Dad stuffed the last bits of donut into his mouth. "So, we were thinking... we might rename it Mazzeria, after our brilliant daughter."

I nearly spit out my coffee. "Are you serious? No way! If you do that, I'll emancipate myself."

Mom frowned. "But it's catchy. Your name goes so well with it. You have that Z in there!

"What if the restaurant folds?" I asked. "Then I'm stuck with my name on a failed business."

"You think we're going to fail?" Dad added a third donut to his plate. "We haven't even started and already you have us failing. You know what? I think you want us to. We really need to work through that vindictive streak of yours, honey. There are better ways to channel your anger. Becca, do you think we should get her a punching bag?"

"I don't... what?" Maybe not talking to them had been the right course of action. "Look, I just need you to think about this. You're good people. I've known you since I was a little baby."

"Thank you for noticing." Mom narrowed her eyes.

"You're a little snarky but I've learned to live with that. And no, I'm not saying the pizzeria is going to fail for sure. I'm just saying it's likely to. That's what businesses do. Besides, the people in town are used to its current name, and one of the reasons you chose to buy it is because you knew it already had customer loyalty. You don't want to lose any of that through a name change. Think about your branding! You'd have to spend more money redoing signs and menus."

"You have a point." Dad tapped his fingers against his coffee cup. "We'll take it under advisement."

"That's all I'm asking you to do." I wasn't overly hopeful they'd see my logic, but at least I'd spoken my truth. "By the way...did one of you turn my light off during the night? I fell asleep with it on and when I woke up this morning, it was off."

My mother looked to my father, who shrugged. Mom continued to squint at me. "Don't tell me you think a demon turned it off."

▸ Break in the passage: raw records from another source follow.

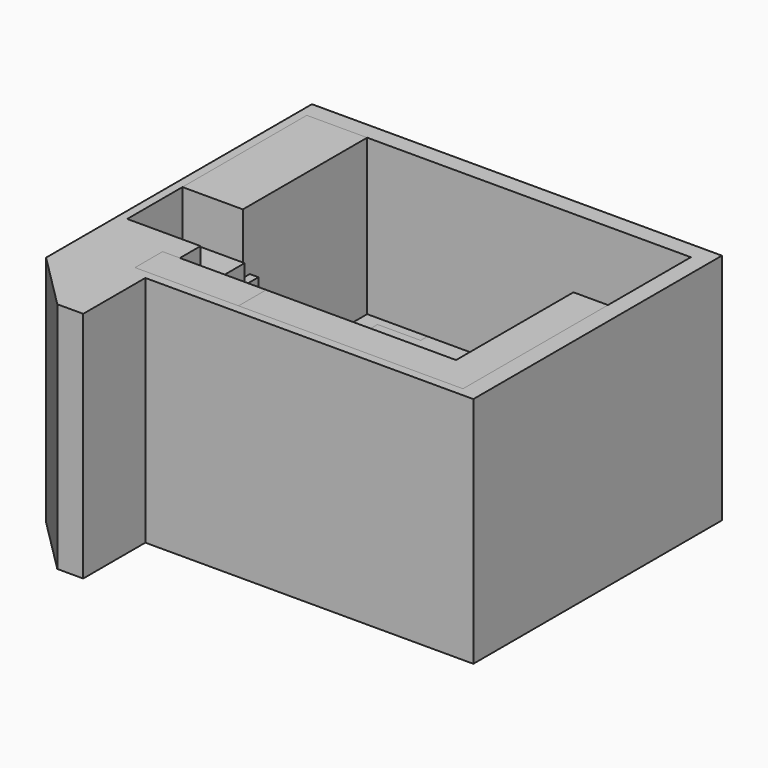
from build123d import *

# Parameters (mm, degrees)
F1_DEPTH       = 2700
F2_W           = 700
F2_H           = 2700
F3_DEPTH       = 1800
F4_W           = 500
F4_H           = 400
F5_DEPTH       = 750
F6_W           = 600
F6_H           = 900
F7_DEPTH       = 1200
F9_DEPTH       = 2100
F11_DEPTH      = 2000
F11_DEPTH_BACK = 200
F13_DEPTH      = 1200
F14_W          = 3850
F14_H          = 600
F15_DEPTH      = 900
F14_W_2        = 800
F14_H_2        = 900
F16_DEPTH      = 2000
F17_W          = 400
F17_H          = 400
F17_W_2        = 900
F17_W_3        = 500
F17_H_2        = 700
F17_H_3        = 100
F17_H_4        = 500
F18_DEPTH      = 2225
F17_H_5        = 300
F17_W_4        = 800
F17_H_6        = 1000
F17_W_5        = 450
F19_DEPTH      = 900
F17_W_6        = 300
F17_H_7        = 200


with BuildPart() as f1:
    # F0 (on Top) → F1 (new body)
    with BuildSketch(Plane.XY):
        Polygon((-1375, -2658.0309391022), (-1375, -1758.0309391022), (2425, -1758.0309391022), (2425, 1841.9690608978), (-2325, 1841.9690608978), (-2325, -2008.0309391022), (-1675, -2658.0309391022), align=None)
        Polygon((-2225, -958.0309391022), (-2225, 1641.9690608978), (2225, 1641.9690608978), (2225, -1658.0309391022), (-1375, -1658.0309391022), (-1375, -958.0309391022), align=None, mode=Mode.SUBTRACT)
    extrude(amount=F1_DEPTH)


with BuildPart() as f3:
    # F2 (on face) → F3 (new body)
    with BuildSketch(Plane.XZ.offset(-1641.9690608978)):
        with Locations((-1875, 1350)):
            Rectangle(F2_W, F2_H)
    extrude(amount=F3_DEPTH)


with BuildPart() as f5:
    # F4 (on Top) → F5 (new body)
    with BuildSketch(Plane.XY):
        with Locations((-325, -50)):
            Rectangle(F4_W, F4_H)
        Polygon((825, 300), (-75, 300), (-75, 150), (-75, -250), (-75, -400), (825, -400), (825, -250), (825, 150), align=None)
        with Locations((1075, -50)):
            Rectangle(F4_W, F4_H)
        Polygon((825, -400), (-75, -400), (-75, -550), (-75, -950), (-75, -1100), (825, -1100), (825, -950), (825, -550), align=None)
        with Locations((-325, -750)):
            Rectangle(F4_W, F4_H)
        with Locations((1075, -750)):
            Rectangle(F4_W, F4_H)
    extrude(amount=F5_DEPTH)


with BuildPart() as f7:
    # F6 (on face) → F7 (new body)
    with BuildSketch(Plane.XZ.offset(-1641.9690608978)):
        with Locations((1925, 450)):
            Rectangle(F6_W, F6_H)
    extrude(amount=F7_DEPTH)


with BuildPart() as f9:
    # F8 (on face) → F9 (new body, through all)
    with BuildSketch(Plane.XZ.offset(-441.9690608978)):
        Polygon((2215, 900), (2225, 900), (2225, 2700), (1825, 2700), (1825, 1500), (2215, 1500), align=None)
        Polygon((1625, 0), (2225, 0), (2225, 900), (2215, 900), (1625, 900), align=None)
    extrude(amount=F9_DEPTH)

    # F10 (on face) → F11 (join, two sides)
    with BuildSketch(Plane(origin=(1625, 0, 0), x_dir=(0, -1, 0), z_dir=(-1, 0, 0))) as f11_sk:
        Polygon((1648.0309391022, 900), (1658.0309391022, 900), (1658.0309391022, 2700), (1258.0309391022, 2700), (1258.0309391022, 1500), (1648.0309391022, 1500), align=None)
        Polygon((1258.0309391022, 0), (1658.0309391022, 0), (1658.0309391022, 900), (1648.0309391022, 900), (1258.0309391022, 900), align=None)
    extrude(amount=F11_DEPTH)
    extrude(f11_sk.sketch, amount=-F11_DEPTH_BACK)


with BuildPart() as f13:
    # F12 (on face) → F13 (new body)
    with BuildSketch(Plane(origin=(-375, 0, 0), x_dir=(0, -1, 0), z_dir=(-1, 0, 0))):
        Polygon((1658.0309391022, 0), (1658.0309391022, 2700), (1258.0309391022, 2700), (1258.0309391022, 1500), (1648.0309391022, 1500), (1648.0309391022, 900), (1258.0309391022, 900), (1258.0309391022, 0), align=None)
    extrude(amount=F13_DEPTH)


with BuildPart() as f15:
    # F14 (on Top) → F15 (new body)
    with BuildSketch(Plane.XY):
        with Locations((-300, 1341.9690608978)):
            Rectangle(F14_W, F14_H)
    extrude(amount=F15_DEPTH)


with BuildPart() as f16:
    # F14 (on Top) → F16 (new body)
    with BuildSketch(Plane.XY):
        with Locations((-1825, -508.0309391022)):
            Rectangle(F14_W_2, F14_H_2)
    extrude(amount=F16_DEPTH)


with BuildPart() as f18:
    # F17 (on Top) → F18 (new body)
    with BuildSketch(Plane.XY):
        with Locations((-75, -1458.0309391022)):
            Rectangle(F17_W, F17_H)
        with Locations((575, -1458.0309391022)):
            Rectangle(F17_W_2, F17_H)
        with Locations((1275, -1458.0309391022)):
            Rectangle(F17_W_3, F17_H)
        Polygon((1725, -1058.0309391022), (1525, -1258.0309391022), (1525, -1658.0309391022), (2225, -1658.0309391022), (2225, -1058.0309391022), align=None)
        Polygon((1825, -958.0309391022), (1725, -1058.0309391022), (2225, -1058.0309391022), (2225, -958.0309391022), align=None)
        with Locations((2025, -608.0309391022)):
            Rectangle(F17_W, F17_H_2)
        with Locations((2025, -208.0309391022)):
            Rectangle(F17_W, F17_H_3)
        with Locations((2025, 91.9690608978)):
            Rectangle(F17_W, F17_H_4)
    extrude(amount=F18_DEPTH)


with BuildPart() as f18b:
    # F17 (on Top) → F18, piece 2 (new body)
    with BuildSketch(Plane.XY):
        with Locations((2025, 791.9690608978)):
            Rectangle(F17_W, F17_H_5)
    extrude(amount=F18_DEPTH)


with BuildPart() as f18c:
    # F17 (on Top) → F18, piece 3 (new body)
    with BuildSketch(Plane.XY):
        with Locations((2025, 1391.9690608978)):
            Rectangle(F17_W, F17_H_3)
    extrude(amount=F18_DEPTH)


with BuildPart() as f18d:
    # F17 (on Top) → F18, piece 4 (new body)
    with BuildSketch(Plane.XY):
        with Locations((-1825, -608.0309391022)):
            Rectangle(F17_W_4, F17_H_2)
    extrude(amount=F18_DEPTH)


with BuildPart() as f18e:
    # F17 (on Top) → F18, piece 5 (new body)
    with BuildSketch(Plane.XY):
        with Locations((-2025, 1141.9690608978)):
            Rectangle(F17_W, F17_H_6)
    extrude(amount=F18_DEPTH)


with BuildPart() as f19:
    # F17 (on Top) → F19 (new body)
    with BuildSketch(Plane.XY):
        with Locations((-1075, 1291.9690608978)):
            Rectangle(F17_W_3, F17_H_4)
        with Locations((-600, 1591.9690608978)):
            Rectangle(F17_W_5, F17_H_3)
        with Locations((-150, 1591.9690608978)):
            Rectangle(F17_W_5, F17_H_3)
        with Locations((-150, 1291.9690608978)):
            Rectangle(F17_W_5, F17_H_4)
        with Locations((325, 1291.9690608978)):
            Rectangle(F17_W_3, F17_H_4)
        with Locations((-600, 1291.9690608978)):
            Rectangle(F17_W_5, F17_H_4)
        with Locations((-1075, 591.9690608978)):
            Rectangle(F17_W_3, F17_H_4)
        with Locations((-600, 591.9690608978)):
            Rectangle(F17_W_5, F17_H_4)
        with Locations((-600, 291.9690608978)):
            Rectangle(F17_W_5, F17_H_3)
        with Locations((-150, 991.9690608978)):
            Rectangle(F17_W_5, F17_H_3)
        with Locations((-600, 891.9690608978)):
            Rectangle(F17_W_5, F17_H_3)
        with Locations((-600, 991.9690608978)):
            Rectangle(F17_W_5, F17_H_3)
        with Locations((-150, 891.9690608978)):
            Rectangle(F17_W_5, F17_H_3)
        with Locations((-150, 591.9690608978)):
            Rectangle(F17_W_5, F17_H_4)
        with Locations((325, 591.9690608978)):
            Rectangle(F17_W_3, F17_H_4)
        with Locations((-150, 291.9690608978)):
            Rectangle(F17_W_5, F17_H_3)
    extrude(amount=F19_DEPTH)


with BuildPart() as f19b:
    # F17 (on Top) → F19, piece 2 (new body)
    with BuildSketch(Plane.XY):
        Polygon((1525, 1641.9690608978), (1525, 1441.9690608978), (1825, 1441.9690608978), (2225, 1441.9690608978), (2225, 1641.9690608978), align=None)
        with Locations((1675, 1391.9690608978)):
            Rectangle(F17_W_6, F17_H_3)
        with Locations((1675, 1141.9690608978)):
            Rectangle(F17_W_6, F17_H)
    extrude(amount=F19_DEPTH)


with BuildPart() as f19c:
    # F17 (on Top) → F19, piece 3 (new body)
    with BuildSketch(Plane.XY):
        Polygon((1525, -258.0309391022), (1525, -1058.0309391022), (1725, -1058.0309391022), (1825, -958.0309391022), (1825, -258.0309391022), align=None)
        Polygon((1525, -1058.0309391022), (1025, -1058.0309391022), (1025, -1258.0309391022), (1525, -1258.0309391022), (1725, -1058.0309391022), align=None)
        with Locations((575, -1158.0309391022)):
            Rectangle(F17_W_2, F17_H_7)
        with Locations((-75, -1158.0309391022)):
            Rectangle(F17_W, F17_H_7)
        Polygon((-275, -1258.0309391022), (-275, -1058.0309391022), (-475, -1258.0309391022), (-475, -1658.0309391022), (-275, -1658.0309391022), align=None)
    extrude(amount=F19_DEPTH)


solid = Compound([f1.part, f3.part, f5.part, f7.part, f9.part, f13.part, f15.part, f16.part, f18.part, f18b.part, f18c.part, f18d.part, f18e.part, f19.part, f19b.part, f19c.part])

"Absolutely not! How irrational would I have to be to think that?" There was no point in telling them about last night. I wasn't going to be one of those people who tried to explain how much danger someone was in when that someone was a complete moron. They'd have to deal with the consequences of not taking me seriously when the priest was mopping up the exoplasmic goo. "I'm thinking maybe there's a short in its electrics or something. Is that possible?"

"Maybe," Dad cleared my plate. "Let us know if it happens again and I'll take a look."

"Will do." I would not be doing that. When I was nine, he'd electrocuted himself trying to wedge a broken piece of bagel out of the toaster with a metal knife. Keeping my dad away from anything involving circuitry was one of my biggest priorities.

I poured myself the dregs of coffee from the bottom of our French press and gulped it down while my parents scurried around me, trying to find their things amidst the half-unpacked mess that was our home.

"Honey," my father called from the study adjacent to the kitchen. "Is this yours?"

A white phone charger dangled from his hand.